### What the exercise asks
Only a number is wanted here, namely how many lines of the data contain the string "Circle".

### Stored data entries

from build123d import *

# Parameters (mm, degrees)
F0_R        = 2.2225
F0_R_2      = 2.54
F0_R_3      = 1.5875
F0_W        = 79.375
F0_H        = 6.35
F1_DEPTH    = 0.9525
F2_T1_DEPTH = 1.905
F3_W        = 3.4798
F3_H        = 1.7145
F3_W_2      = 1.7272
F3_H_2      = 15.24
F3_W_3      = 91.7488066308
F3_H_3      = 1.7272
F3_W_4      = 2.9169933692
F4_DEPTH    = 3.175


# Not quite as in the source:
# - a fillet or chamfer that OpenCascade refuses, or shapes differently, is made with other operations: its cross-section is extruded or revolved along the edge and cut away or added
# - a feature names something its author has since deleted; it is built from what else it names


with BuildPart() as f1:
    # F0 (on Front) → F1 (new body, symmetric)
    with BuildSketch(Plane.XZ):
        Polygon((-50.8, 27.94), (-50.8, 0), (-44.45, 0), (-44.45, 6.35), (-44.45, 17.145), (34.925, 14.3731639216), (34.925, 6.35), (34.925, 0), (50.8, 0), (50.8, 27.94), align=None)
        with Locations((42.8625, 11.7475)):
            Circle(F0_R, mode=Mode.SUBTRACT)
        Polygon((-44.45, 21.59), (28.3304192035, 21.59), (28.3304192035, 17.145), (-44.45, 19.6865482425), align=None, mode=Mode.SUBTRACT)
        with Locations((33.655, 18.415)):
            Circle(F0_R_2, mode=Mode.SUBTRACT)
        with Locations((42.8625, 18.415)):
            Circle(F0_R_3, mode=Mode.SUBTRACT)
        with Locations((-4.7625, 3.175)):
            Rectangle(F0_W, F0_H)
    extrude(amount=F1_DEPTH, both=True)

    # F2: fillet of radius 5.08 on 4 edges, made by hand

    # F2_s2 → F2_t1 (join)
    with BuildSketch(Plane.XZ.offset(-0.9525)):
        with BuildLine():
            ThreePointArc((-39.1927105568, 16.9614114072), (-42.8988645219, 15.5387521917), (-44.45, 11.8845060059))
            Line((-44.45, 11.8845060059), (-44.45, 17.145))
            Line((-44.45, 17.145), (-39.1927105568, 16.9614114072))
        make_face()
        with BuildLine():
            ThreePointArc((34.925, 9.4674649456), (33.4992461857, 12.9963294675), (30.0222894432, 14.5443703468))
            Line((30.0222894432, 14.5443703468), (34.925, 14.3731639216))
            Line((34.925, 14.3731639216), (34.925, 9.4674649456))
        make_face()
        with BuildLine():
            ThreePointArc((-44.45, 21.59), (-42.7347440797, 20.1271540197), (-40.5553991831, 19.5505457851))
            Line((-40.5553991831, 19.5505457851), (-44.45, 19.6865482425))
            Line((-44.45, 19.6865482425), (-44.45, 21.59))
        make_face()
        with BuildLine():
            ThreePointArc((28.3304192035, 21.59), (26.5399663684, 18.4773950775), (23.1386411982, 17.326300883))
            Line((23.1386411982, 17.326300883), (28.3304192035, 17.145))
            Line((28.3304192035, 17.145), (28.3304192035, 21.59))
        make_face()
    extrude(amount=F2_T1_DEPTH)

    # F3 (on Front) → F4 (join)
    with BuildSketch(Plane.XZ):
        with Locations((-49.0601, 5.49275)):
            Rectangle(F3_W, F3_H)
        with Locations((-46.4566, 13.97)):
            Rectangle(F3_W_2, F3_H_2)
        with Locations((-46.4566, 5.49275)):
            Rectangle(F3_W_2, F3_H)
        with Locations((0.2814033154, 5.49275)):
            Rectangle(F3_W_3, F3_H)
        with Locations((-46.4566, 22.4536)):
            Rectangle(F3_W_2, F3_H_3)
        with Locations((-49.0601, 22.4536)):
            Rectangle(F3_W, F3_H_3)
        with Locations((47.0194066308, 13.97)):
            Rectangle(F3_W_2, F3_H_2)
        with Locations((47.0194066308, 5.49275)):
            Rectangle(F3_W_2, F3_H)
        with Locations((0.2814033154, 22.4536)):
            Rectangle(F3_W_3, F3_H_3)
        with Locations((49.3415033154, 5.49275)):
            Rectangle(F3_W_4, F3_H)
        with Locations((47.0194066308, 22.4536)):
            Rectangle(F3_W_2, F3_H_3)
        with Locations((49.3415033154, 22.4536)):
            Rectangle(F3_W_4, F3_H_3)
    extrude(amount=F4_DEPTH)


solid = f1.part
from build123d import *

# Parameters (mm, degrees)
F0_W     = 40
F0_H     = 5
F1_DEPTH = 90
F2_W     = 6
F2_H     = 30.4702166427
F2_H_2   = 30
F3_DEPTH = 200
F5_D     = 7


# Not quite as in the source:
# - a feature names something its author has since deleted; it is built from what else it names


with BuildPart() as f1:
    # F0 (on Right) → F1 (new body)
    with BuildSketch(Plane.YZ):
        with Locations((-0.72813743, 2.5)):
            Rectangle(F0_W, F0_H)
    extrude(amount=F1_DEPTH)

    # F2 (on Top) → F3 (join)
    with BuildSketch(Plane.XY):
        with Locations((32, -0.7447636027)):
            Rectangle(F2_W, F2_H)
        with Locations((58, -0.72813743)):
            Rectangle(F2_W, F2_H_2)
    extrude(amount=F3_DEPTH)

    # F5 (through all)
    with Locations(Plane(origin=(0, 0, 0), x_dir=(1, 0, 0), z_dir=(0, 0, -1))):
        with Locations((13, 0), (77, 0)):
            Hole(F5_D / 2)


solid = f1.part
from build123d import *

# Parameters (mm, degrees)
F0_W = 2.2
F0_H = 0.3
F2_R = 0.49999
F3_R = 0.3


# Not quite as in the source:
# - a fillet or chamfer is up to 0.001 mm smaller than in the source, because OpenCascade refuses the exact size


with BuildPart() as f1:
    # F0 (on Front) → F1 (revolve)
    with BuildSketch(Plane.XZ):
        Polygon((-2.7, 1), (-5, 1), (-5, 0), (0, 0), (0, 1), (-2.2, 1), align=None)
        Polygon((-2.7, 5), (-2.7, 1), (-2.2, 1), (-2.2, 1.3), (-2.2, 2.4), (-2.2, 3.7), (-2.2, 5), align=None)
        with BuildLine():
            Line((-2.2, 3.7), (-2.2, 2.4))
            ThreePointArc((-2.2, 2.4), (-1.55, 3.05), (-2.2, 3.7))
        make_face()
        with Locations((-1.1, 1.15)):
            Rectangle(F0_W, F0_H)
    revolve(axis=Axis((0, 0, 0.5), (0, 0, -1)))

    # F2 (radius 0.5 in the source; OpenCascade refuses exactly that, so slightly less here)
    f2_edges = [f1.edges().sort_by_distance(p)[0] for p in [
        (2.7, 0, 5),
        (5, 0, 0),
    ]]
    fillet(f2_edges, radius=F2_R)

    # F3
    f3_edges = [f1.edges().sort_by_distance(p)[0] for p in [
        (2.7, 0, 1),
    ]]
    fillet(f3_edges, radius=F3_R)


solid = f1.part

### Task answer
3